- Film poster
- Directed by: Zoltán Fábri
- Written by: Zoltán Fábri Péter Bacsó Dezső Kosztolányi
- Starring: Mari Törőcsik
- Cinematography: Ferenc Szécsényi
- Edited by: Ferencné Szécsényi
- Release date: 6 November 1958;
- Running time: 84 minutes
- Country: Hungary
- Language: Hungarian

= Édes Anna =

1958 film

Édes Anna is a 1958 Hungarian drama film directed by Zoltán Fábri. It was entered into the 1959 Cannes Film Festival.
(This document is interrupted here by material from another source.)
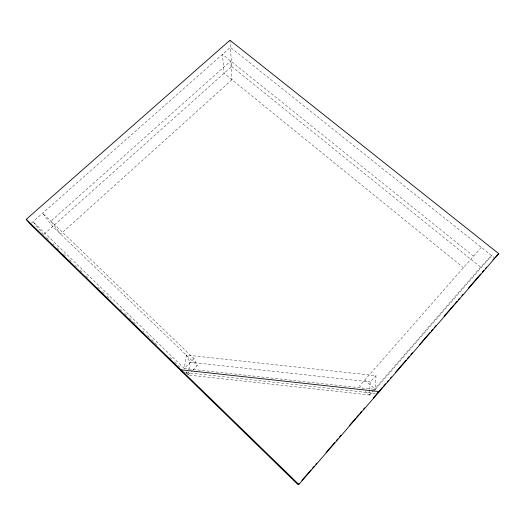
<?xml version="1.0" encoding="UTF-8"?>
<svg xmlns="http://www.w3.org/2000/svg" width="525" height="525" viewBox="0 0 525 525"><rect width="100%" height="100%" fill="white"/><g stroke="black" fill="none" stroke-linecap="round" stroke-linejoin="round"><path stroke-width="0.39" stroke-dasharray="2.62 1.97" d="M373.57 391.092L375.322 389.425L376.018 375.723L186.277 355.058L184.301 368.484L375.322 389.425L491.617 255.583L480.637 267.133L373.78 390.042M185.738 372.757L188.088 375.04L369.482 394.984L369.744 390.088M369.79 389.274L370.184 381.931L376.018 375.723M186.198 371.766L188.088 375.04L189.945 362.237L186.277 355.058M365.38 391.283L369.482 394.984L373.242 390.666M481.287 247.347L359.52 386L362.453 388.638M188.088 375.04L192.078 370.919M192.649 370.328L197.21 365.623L193.922 358.608L42.623 213.202L52.703 226.478L197.21 365.623M193.922 358.608L184.301 368.484L33.016 221.694L43.588 234.629M369.482 394.984L372.986 391.65M44.192 234.084L231.676 66.517L229.963 40.248M31.48 223.046L230.423 47.362L493.946 257.434M189.945 362.237L370.184 381.931M185.706 372.573L376.267 393.507M473.557 256.147L222.469 54.383L224.063 73.323L463.431 267.671M231.676 66.517L480.637 267.133M364.803 379.988L375.322 389.425M46.522 237.484L48.871 239.768M52.986 243.764L54.16 244.899M57.1 247.754L60.034 250.609M63.558 254.034L65.323 255.747M69.431 259.744L71.197 261.457M75.305 265.453L76.479 266.595M80.003 270.014L82.359 272.298M85.883 275.723L87.642 277.436M97.63 287.142L99.389 288.855M102.329 291.703L104.678 293.987M107.028 296.271L110.552 299.696M120.54 309.402L121.715 310.544M124.648 313.399L126.998 315.676M129.347 317.96L132.871 321.385M133.462 321.956L136.986 325.382M142.859 331.091L144.034 332.233M147.558 335.659L149.323 337.365M151.673 339.649L157.546 345.358M169.883 357.348L171.642 359.061M174.582 361.909L177.516 364.763M178.106 365.334L180.456 367.618M231.971 79.741L60.624 234.104L50.886 221.15L230.724 61.018L231.971 79.741"/><path stroke-width="0.79" d="M299.191 483.518L298.115 484.752L30.253 224.129L26.25 219.338L229.963 40.248L498.75 253.667L298.876 484.463L26.25 219.338M301.875 480.414L310.997 469.882M312.611 468.024L314.219 466.167M315.833 464.303L316.903 463.063M326.032 452.53L334.622 442.614M336.23 440.757L337.837 438.9M339.452 437.036L341.06 435.179M349.65 425.263L355.556 418.451M356.626 417.211L358.778 414.73M359.848 413.49L361.462 411.633M363.608 409.152L364.678 407.912M373.268 397.996L382.397 387.463M383.467 386.223L385.619 383.742M387.227 381.885L388.349 380.586M390.449 378.171L391.519 376.93M395.325 372.533L406.055 360.15M407.623 358.339L409.277 356.429M410.845 354.618L412.453 352.761M419.468 344.663L430.172 332.312M431.242 331.072L432.882 329.175M434.464 327.351L436.104 325.461M444.15 316.168L453.81 305.018M454.867 303.804L457.032 301.304M458.62 299.467L459.71 298.207M461.842 295.752L462.932 294.492M468.293 288.297L480.637 274.05M482.239 272.199L483.853 270.336M485.461 268.485L486.537 267.238M492.975 259.809L498.75 253.667M377.088 393.592L379.312 391.578L180.987 369.817L182.451 372.212L184.078 372.396"/></g></svg>

The film is sometimes referred to in English as Sweet Anna, Sweet Anne or Sweet Ann.

== Premise ==
In 1919, in Budapest, Anna, a young peasant girl, starts working as a maid for the wealthy Vizy family.

==Cast==
- Mari Törőcsik – Anna
- Mária Mezei – Vízyné
- Károly Kovács – Vízy Kornél
- Zsigmond Fülöp – Jancsi
- Béla Barsi – Ficsor
- Anna Báró – Tatárné
- Kati Böröndi – Katica
- Zoltán Greguss – Tatár Gábor
- Hilda Gobbi – Etel
- János Horkay – Druma (as János Horkai)
- György Kálmán
- Zoltán Makláry – Dr. Moviszter
- Gellért Raksányi – Báthory
- Erzsi Simor – Moviszterné
- Viktória Ujváry – (as Újvári Viktória)
- Éva Vadnai – Drumáné

== Production ==
An adaptation of Dezső Kosztolányi's 1926 novel of the same name, the film stars Mari Törőcsik in the title role. The film only had minor deviations and "a more sociological and historical edge by downplaying the psychological dimensions" from the novel.

== Reception ==
The film has been considered "the epitome of a generation" and "(o)ne of the most shocking classics in Hungarian film history". It also was noted in the career of Fábri as "a return to his top form, combining a portrait of the 1920s with penetrating psychological analysis."